§ **WORK ITEM**:
The pictures are to be dropped, and the records below are to be restated word for word.
============
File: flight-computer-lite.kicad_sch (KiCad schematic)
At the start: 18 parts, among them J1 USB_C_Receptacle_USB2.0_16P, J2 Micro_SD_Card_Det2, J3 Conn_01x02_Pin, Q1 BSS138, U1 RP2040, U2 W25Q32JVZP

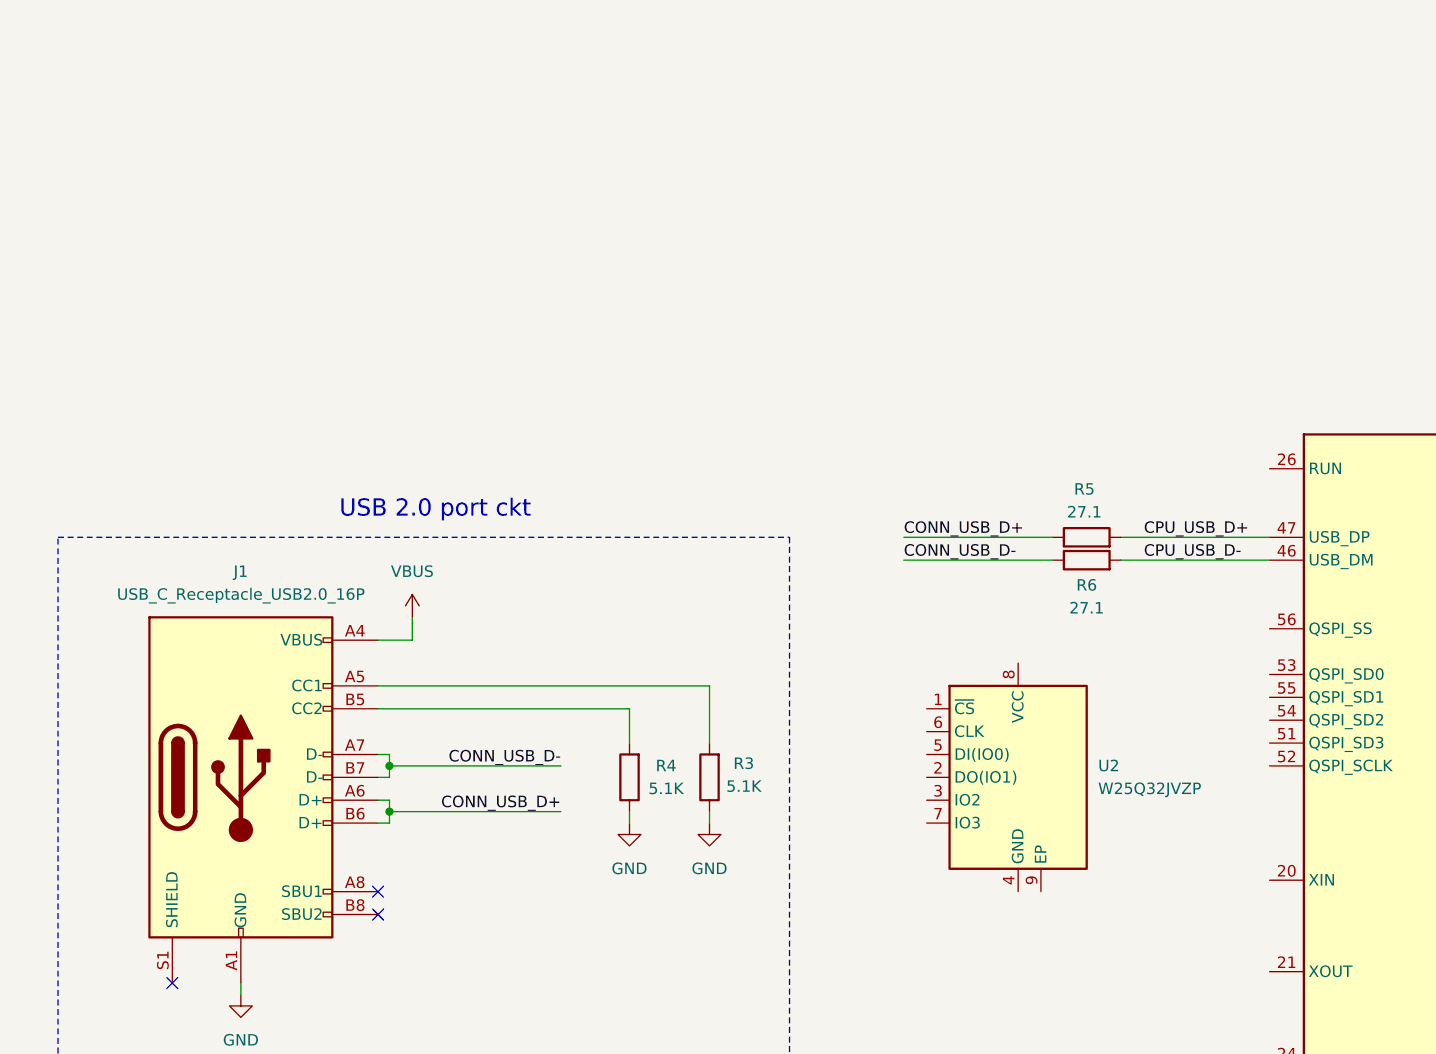
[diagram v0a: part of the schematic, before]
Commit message: Wired flash
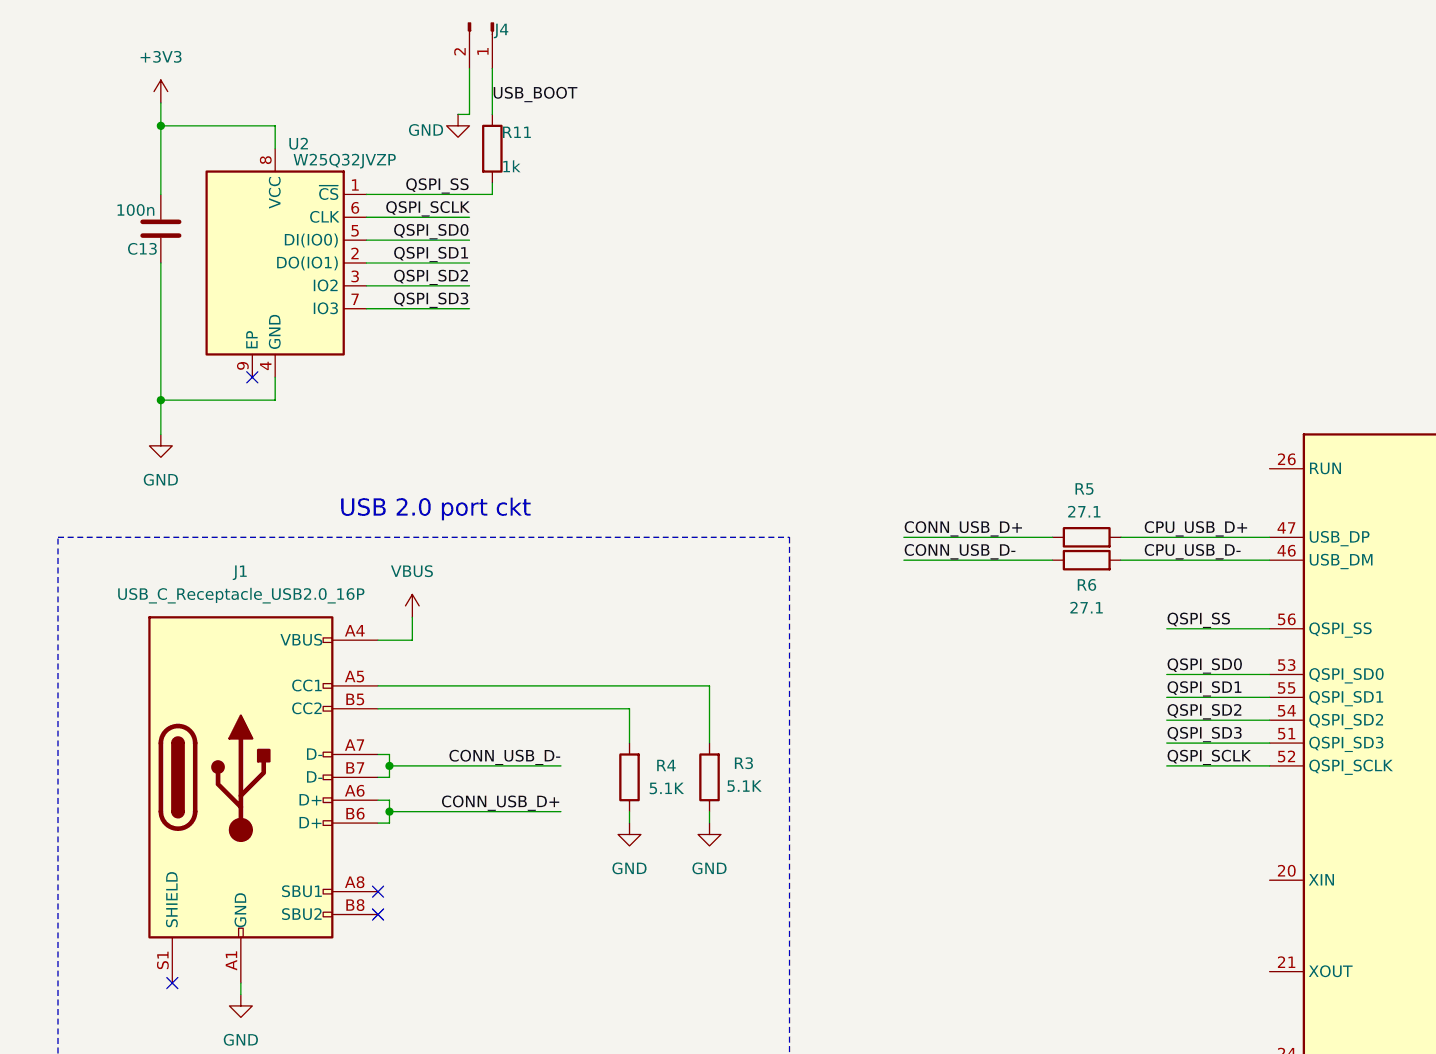
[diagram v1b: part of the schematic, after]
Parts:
- added C13: 100n, Capacitor_SMD:C_0603_1608Metric, symbol Device:C
- added J4: Conn_01x02_Pin, Connector_JST:JST_PH_S2B-PH-SM4-TB_1x02-1MP_P2.00mm_Horizontal, symbol Connector:Conn_01x02_Pin
- added R11: 1k, Resistor_SMD:R_0603_1608Metric, symbol Device:R
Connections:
- net +3V3: now also U2.8 (VCC), C13.1
- net GND: now also U2.4 (GND), C13.2, J4.2 (Pin_2)
- net QSPI_SS: now reaches U2.1 (~{CS})
- net QSPI_SS: now also U1.56 (QSPI_SS), R11.2
- net QSPI_SD1: now reaches U2.2 (DO(IO1))
- net QSPI_SD1: now also U1.55 (QSPI_SD1)
- net QSPI_SD2: now reaches U2.3 (IO2)
- net QSPI_SD2: now also U1.54 (QSPI_SD2)
- net QSPI_SD0: now reaches U2.5 (DI(IO0))
- net QSPI_SD0: now also U1.53 (QSPI_SD0)
- net QSPI_SCLK: now reaches U2.6 (CLK)
- net QSPI_SCLK: now also U1.52 (QSPI_SCLK)
- net QSPI_SD3: now reaches U2.7 (IO3)
- net QSPI_SD3: now also U1.51 (QSPI_SD3)
- new net USB_BOOT: J4.1 (Pin_1), R11.1
- no-connect marks 3 -> 4
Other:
- moved on the sheet: U2

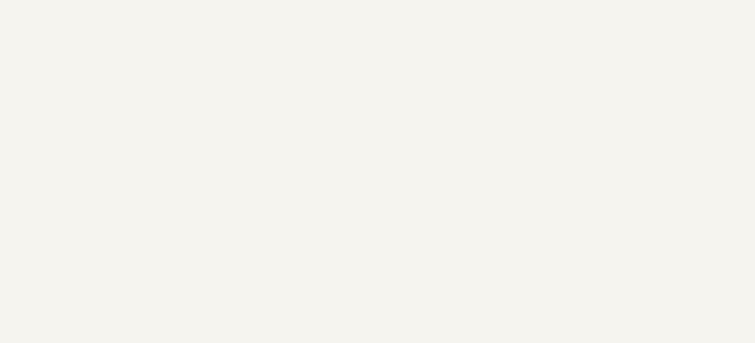
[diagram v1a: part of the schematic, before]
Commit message: Added buck-boost
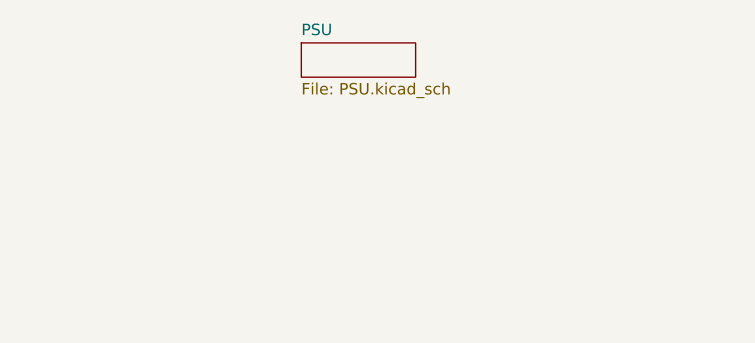
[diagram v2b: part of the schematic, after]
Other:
- added sheet PSU (PSU.kicad_sch)
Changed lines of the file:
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@@
 		)
 		(instances
-			(project ""
+			(project "flight-computer-lite"
 				(path "/68fb1519-f2e0-49f5-8b7c-4cc7366600ef"
 					(reference "#PWR030")
@@
 		)
 		(instances
-			(project ""
+			(project "flight-computer-lite"
 				(path "/68fb1519-f2e0-49f5-8b7c-4cc7366600ef"
 					(reference "J3")
@@
 		)
 		(instances
-			(project ""
+			(project "flight-computer-lite"
 				(path "/68fb1519-f2e0-49f5-8b7c-4cc7366600ef"
 					(reference "J4")
@@
 		)
 		(instances
-			(project ""
+			(project "flight-computer-lite"
 				(path "/68fb1519-f2e0-49f5-8b7c-4cc7366600ef"
 					(reference "U2")
@@
 		)
 		(instances
-			(project ""
+			(project "flight-computer-lite"
 				(path "/68fb1519-f2e0-49f5-8b7c-4cc7366600ef"
 					(reference "Q1")
@@
 		)
 		(instances
-			(project ""
+			(project "flight-computer-lite"
 				(path "/68fb1519-f2e0-49f5-8b7c-4cc7366600ef"
 					(reference "R4")
@@
 		)
 		(instances
-			(project ""
+			(project "flight-computer-lite"
 				(path "/68fb1519-f2e0-49f5-8b7c-4cc7366600ef"
 					(reference "BZ1")
@@
 		)
 		(instances
-			(project ""
+			(project "flight-computer-lite"
 				(path "/68fb1519-f2e0-49f5-8b7c-4cc7366600ef"
 					(reference "J1")
@@
 		)
 		(instances
-			(project ""
+			(project "flight-computer-lite"
 				(path "/68fb1519-f2e0-49f5-8b7c-4cc7366600ef"
 					(reference "#PWR05")
@@
 		)
 		(instances
-			(project ""
+			(project "flight-computer-lite"
 				(path "/68fb1519-f2e0-49f5-8b7c-4cc7366600ef"
 					(reference "D1")
@@
 		)
 		(instances
-			(project ""
+			(project "flight-computer-lite"
 				(path "/68fb1519-f2e0-49f5-8b7c-4cc7366600ef"
 					(reference "H1")
@@
 		)
 		(instances
-			(project ""
+			(project "flight-computer-lite"
 				(path "/68fb1519-f2e0-49f5-8b7c-4cc7366600ef"
 					(reference "R11")
@@
 		)
 		(instances
-			(project ""
+			(project "flight-computer-lite"
 				(path "/68fb1519-f2e0-49f5-8b7c-4cc7366600ef"
 					(reference "U1")
@@
 		)
 		(instances
-			(project ""
+			(project "flight-computer-lite"
 				(path "/68fb1519-f2e0-49f5-8b7c-4cc7366600ef"
 					(reference "J2")
@@
 		)
 		(instances
-			(project ""
+			(project "flight-computer-lite"
 				(path "/68fb1519-f2e0-49f5-8b7c-4cc7366600ef"
 					(reference "#PWR019")
@@
 		)
 		(instances
-			(project ""
+			(project "flight-computer-lite"
 				(path "/68fb1519-f2e0-49f5-8b7c-4cc7366600ef"
 					(reference "#PWR04")
@@
 		)
 		(instances
-			(project ""
+			(project "flight-computer-lite"
 				(path "/68fb1519-f2e0-49f5-8b7c-4cc7366600ef"
 					(reference "#PWR029")
@@
 		)
 		(instances
-			(project ""
+			(project "flight-computer-lite"
 				(path "/68fb1519-f2e0-49f5-8b7c-4cc7366600ef"
 					(reference "#PWR028")
@@
 		)
 		(instances
-			(project ""
+			(project "flight-computer-lite"
 				(path "/68fb1519-f2e0-49f5-8b7c-4cc7366600ef"
 					(reference "R3")
@@
 		)
 		(instances
-			(project ""
+			(project "flight-computer-lite"
 				(path "/68fb1519-f2e0-49f5-8b7c-4cc7366600ef"
 					(reference "R1")
@@
 		)
 		(instances
-			(project ""
+			(project "flight-computer-lite"
 				(path "/68fb1519-f2e0-49f5-8b7c-4cc7366600ef"
 					(reference "#PWR020")
@@
 				)
 			)
+		)
+	)
+	(sheet
+		(at 228.6 21.59)
+		(size 12.7 3.81)
+		(fields_autoplaced yes)
+		(stroke
+			(width 0.1524)
+			(type solid)
+		)
+		(fill
+			(color 0 0 0 0.0000)
+		)
+		(property "Sheetname" "PSU"
+			(at 228.6 20.8784 0)
+			(effects
+				(font
+					(size 1.27 1.27)
+				)
+				(justify left bottom)
+			)
+		)
+		(property "Sheetfile" "PSU.kicad_sch"
+			(at 228.6 25.9846 0)
+			(effects
+				(font
+					(size 1.27 1.27)
+				)
+				(justify left top)
+			)
+		)
+		(instances
+			(project "flight-computer-lite"
+				(path "/68fb1519-f2e0-49f5-8b7c-4cc7366600ef"
+					(page "4")
+				)
+			)

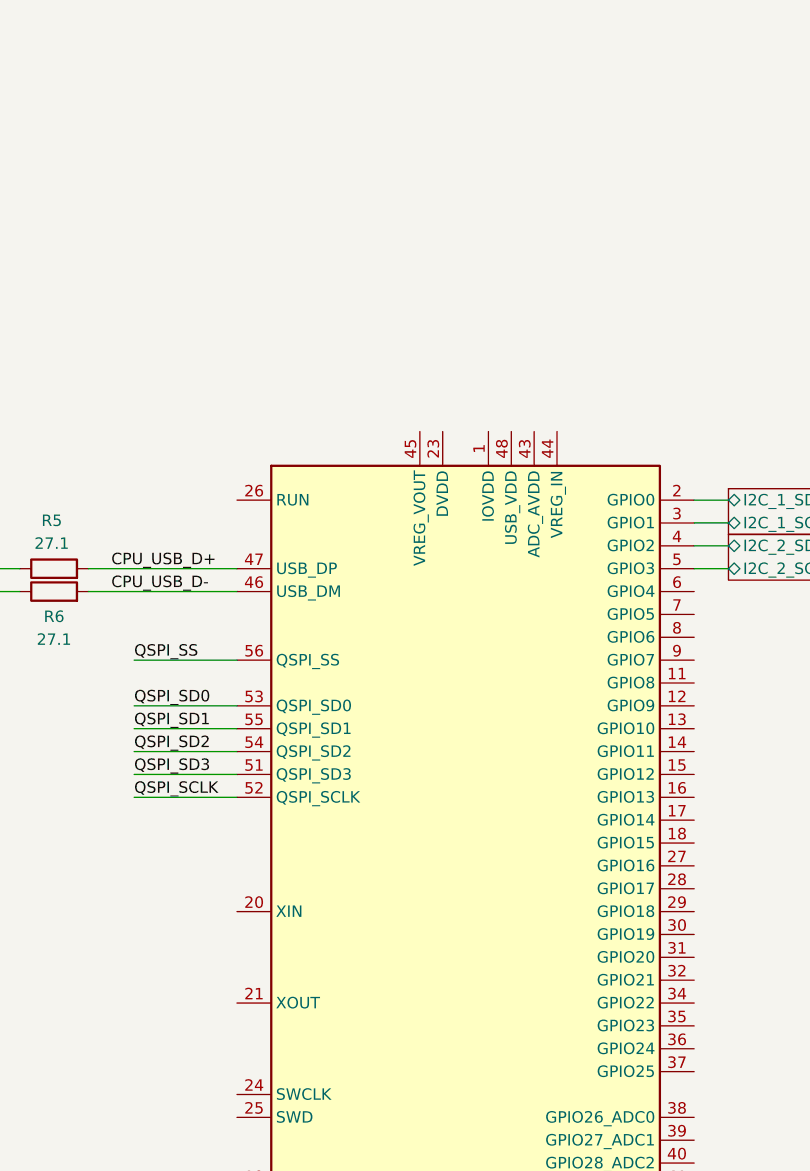
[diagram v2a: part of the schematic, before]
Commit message: Finished PSU
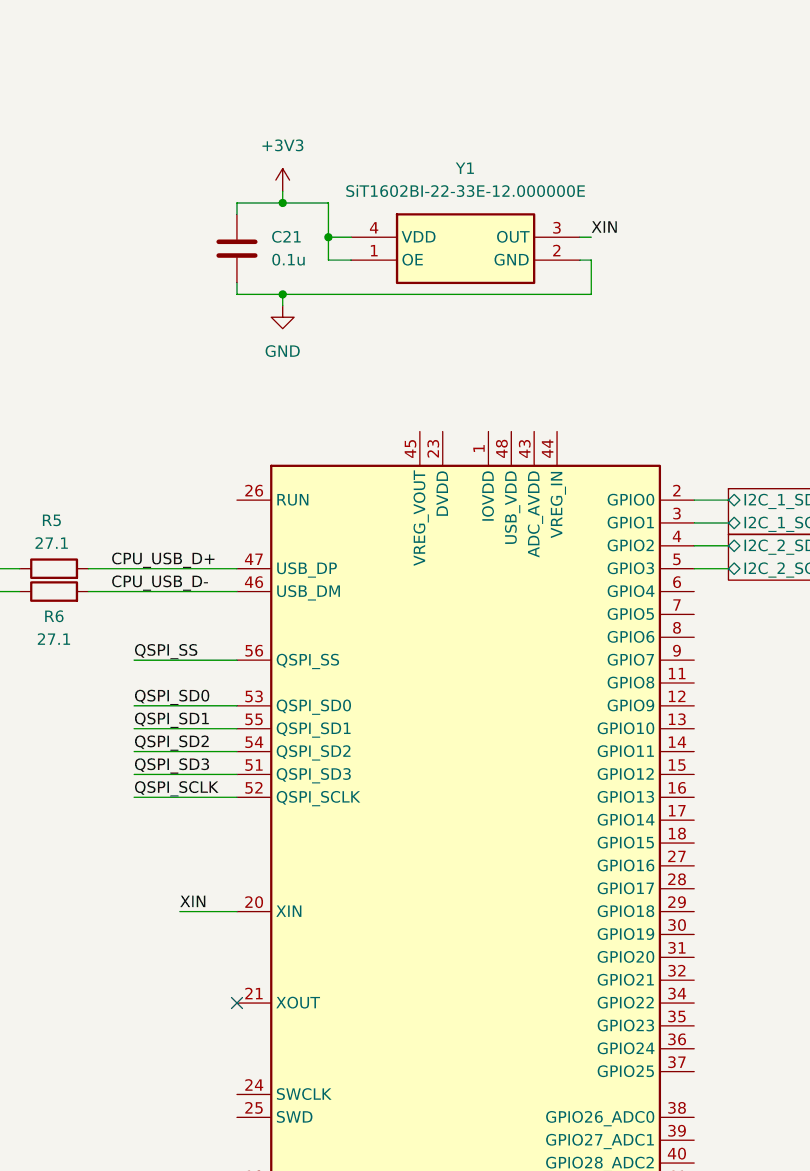
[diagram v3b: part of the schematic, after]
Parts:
- added C21: 0.1u, Capacitor_SMD:C_0603_1608Metric, symbol Device:C
- added Y1: SiT1602BI-22-33E-12.000000E, LRI_partlib:SIT1602BI2233E12000000G, symbol SiT1602BI:SiT1602BI-22-33E-12.000000E
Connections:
- net +3V3: now also C21.1, Y1.1 (OE), Y1.4 (VDD)
- net GND: now also C21.2, Y1.2 (GND)
- net XIN: now reaches U1.20 (XIN)
- net XIN: now also Y1.3 (OUT)
- no-connect marks 4 -> 5
============
§ **SOLUTION**:
File: flight-computer-lite.kicad_sch (KiCad schematic)
At the start: 18 parts, among them J1 USB_C_Receptacle_USB2.0_16P, J2 Micro_SD_Card_Det2, J3 Conn_01x02_Pin, Q1 BSS138, U1 RP2040, U2 W25Q32JVZP

[diagram v0a: part of the schematic, before]
Commit message: Wired flash
[diagram v1b: part of the schematic, after]
Parts:
- added C13: 100n, Capacitor_SMD:C_0603_1608Metric, symbol Device:C
- added J4: Conn_01x02_Pin, Connector_JST:JST_PH_S2B-PH-SM4-TB_1x02-1MP_P2.00mm_Horizontal, symbol Connector:Conn_01x02_Pin
- added R11: 1k, Resistor_SMD:R_0603_1608Metric, symbol Device:R
Connections:
- net +3V3: now also U2.8 (VCC), C13.1
- net GND: now also U2.4 (GND), C13.2, J4.2 (Pin_2)
- net QSPI_SS: now reaches U2.1 (~{CS})
- net QSPI_SS: now also U1.56 (QSPI_SS), R11.2
- net QSPI_SD1: now reaches U2.2 (DO(IO1))
- net QSPI_SD1: now also U1.55 (QSPI_SD1)
- net QSPI_SD2: now reaches U2.3 (IO2)
- net QSPI_SD2: now also U1.54 (QSPI_SD2)
- net QSPI_SD0: now reaches U2.5 (DI(IO0))
- net QSPI_SD0: now also U1.53 (QSPI_SD0)
- net QSPI_SCLK: now reaches U2.6 (CLK)
- net QSPI_SCLK: now also U1.52 (QSPI_SCLK)
- net QSPI_SD3: now reaches U2.7 (IO3)
- net QSPI_SD3: now also U1.51 (QSPI_SD3)
- new net USB_BOOT: J4.1 (Pin_1), R11.1
- no-connect marks 3 -> 4
Other:
- moved on the sheet: U2

[diagram v1a: part of the schematic, before]
Commit message: Added buck-boost
[diagram v2b: part of the schematic, after]
Other:
- added sheet PSU (PSU.kicad_sch)
Changed lines of the file:
@@
 		)
 		(instances
-			(project ""
+			(project "flight-computer-lite"
 				(path "/68fb1519-f2e0-49f5-8b7c-4cc7366600ef"
 					(reference "#PWR030")
@@
 		)
 		(instances
-			(project ""
+			(project "flight-computer-lite"
 				(path "/68fb1519-f2e0-49f5-8b7c-4cc7366600ef"
 					(reference "J3")
@@
 		)
 		(instances
-			(project ""
+			(project "flight-computer-lite"
 				(path "/68fb1519-f2e0-49f5-8b7c-4cc7366600ef"
 					(reference "J4")
@@
 		)
 		(instances
-			(project ""
+			(project "flight-computer-lite"
 				(path "/68fb1519-f2e0-49f5-8b7c-4cc7366600ef"
 					(reference "U2")
@@
 		)
 		(instances
-			(project ""
+			(project "flight-computer-lite"
 				(path "/68fb1519-f2e0-49f5-8b7c-4cc7366600ef"
 					(reference "Q1")
@@
 		)
 		(instances
-			(project ""
+			(project "flight-computer-lite"
 				(path "/68fb1519-f2e0-49f5-8b7c-4cc7366600ef"
 					(reference "R4")
@@
 		)
 		(instances
-			(project ""
+			(project "flight-computer-lite"
 				(path "/68fb1519-f2e0-49f5-8b7c-4cc7366600ef"
 					(reference "BZ1")
@@
 		)
 		(instances
-			(project ""
+			(project "flight-computer-lite"
 				(path "/68fb1519-f2e0-49f5-8b7c-4cc7366600ef"
 					(reference "J1")
@@
 		)
 		(instances
-			(project ""
+			(project "flight-computer-lite"
 				(path "/68fb1519-f2e0-49f5-8b7c-4cc7366600ef"
 					(reference "#PWR05")
@@
 		)
 		(instances
-			(project ""
+			(project "flight-computer-lite"
 				(path "/68fb1519-f2e0-49f5-8b7c-4cc7366600ef"
 					(reference "D1")
@@
 		)
 		(instances
-			(project ""
+			(project "flight-computer-lite"
 				(path "/68fb1519-f2e0-49f5-8b7c-4cc7366600ef"
 					(reference "H1")
@@
 		)
 		(instances
-			(project ""
+			(project "flight-computer-lite"
 				(path "/68fb1519-f2e0-49f5-8b7c-4cc7366600ef"
 					(reference "R11")
@@
 		)
 		(instances
-			(project ""
+			(project "flight-computer-lite"
 				(path "/68fb1519-f2e0-49f5-8b7c-4cc7366600ef"
 					(reference "U1")
@@
 		)
 		(instances
-			(project ""
+			(project "flight-computer-lite"
 				(path "/68fb1519-f2e0-49f5-8b7c-4cc7366600ef"
 					(reference "J2")
@@
 		)
 		(instances
-			(project ""
+			(project "flight-computer-lite"
 				(path "/68fb1519-f2e0-49f5-8b7c-4cc7366600ef"
 					(reference "#PWR019")
@@
 		)
 		(instances
-			(project ""
+			(project "flight-computer-lite"
 				(path "/68fb1519-f2e0-49f5-8b7c-4cc7366600ef"
 					(reference "#PWR04")
@@
 		)
 		(instances
-			(project ""
+			(project "flight-computer-lite"
 				(path "/68fb1519-f2e0-49f5-8b7c-4cc7366600ef"
 					(reference "#PWR029")
@@
 		)
 		(instances
-			(project ""
+			(project "flight-computer-lite"
 				(path "/68fb1519-f2e0-49f5-8b7c-4cc7366600ef"
 					(reference "#PWR028")
@@
 		)
 		(instances
-			(project ""
+			(project "flight-computer-lite"
 				(path "/68fb1519-f2e0-49f5-8b7c-4cc7366600ef"
 					(reference "R3")
@@
 		)
 		(instances
-			(project ""
+			(project "flight-computer-lite"
 				(path "/68fb1519-f2e0-49f5-8b7c-4cc7366600ef"
 					(reference "R1")
@@
 		)
 		(instances
-			(project ""
+			(project "flight-computer-lite"
 				(path "/68fb1519-f2e0-49f5-8b7c-4cc7366600ef"
 					(reference "#PWR020")
@@
 				)
 			)
+		)
+	)
+	(sheet
+		(at 228.6 21.59)
+		(size 12.7 3.81)
+		(fields_autoplaced yes)
+		(stroke
+			(width 0.1524)
+			(type solid)
+		)
+		(fill
+			(color 0 0 0 0.0000)
+		)
+		(property "Sheetname" "PSU"
+			(at 228.6 20.8784 0)
+			(effects
+				(font
+					(size 1.27 1.27)
+				)
+				(justify left bottom)
+			)
+		)
+		(property "Sheetfile" "PSU.kicad_sch"
+			(at 228.6 25.9846 0)
+			(effects
+				(font
+					(size 1.27 1.27)
+				)
+				(justify left top)
+			)
+		)
+		(instances
+			(project "flight-computer-lite"
+				(path "/68fb1519-f2e0-49f5-8b7c-4cc7366600ef"
+					(page "4")
+				)
+			)

[diagram v2a: part of the schematic, before]
Commit message: Finished PSU
[diagram v3b: part of the schematic, after]
Parts:
- added C21: 0.1u, Capacitor_SMD:C_0603_1608Metric, symbol Device:C
- added Y1: SiT1602BI-22-33E-12.000000E, LRI_partlib:SIT1602BI2233E12000000G, symbol SiT1602BI:SiT1602BI-22-33E-12.000000E
Connections:
- net +3V3: now also C21.1, Y1.1 (OE), Y1.4 (VDD)
- net GND: now also C21.2, Y1.2 (GND)
- net XIN: now reaches U1.20 (XIN)
- net XIN: now also Y1.3 (OUT)
- no-connect marks 4 -> 5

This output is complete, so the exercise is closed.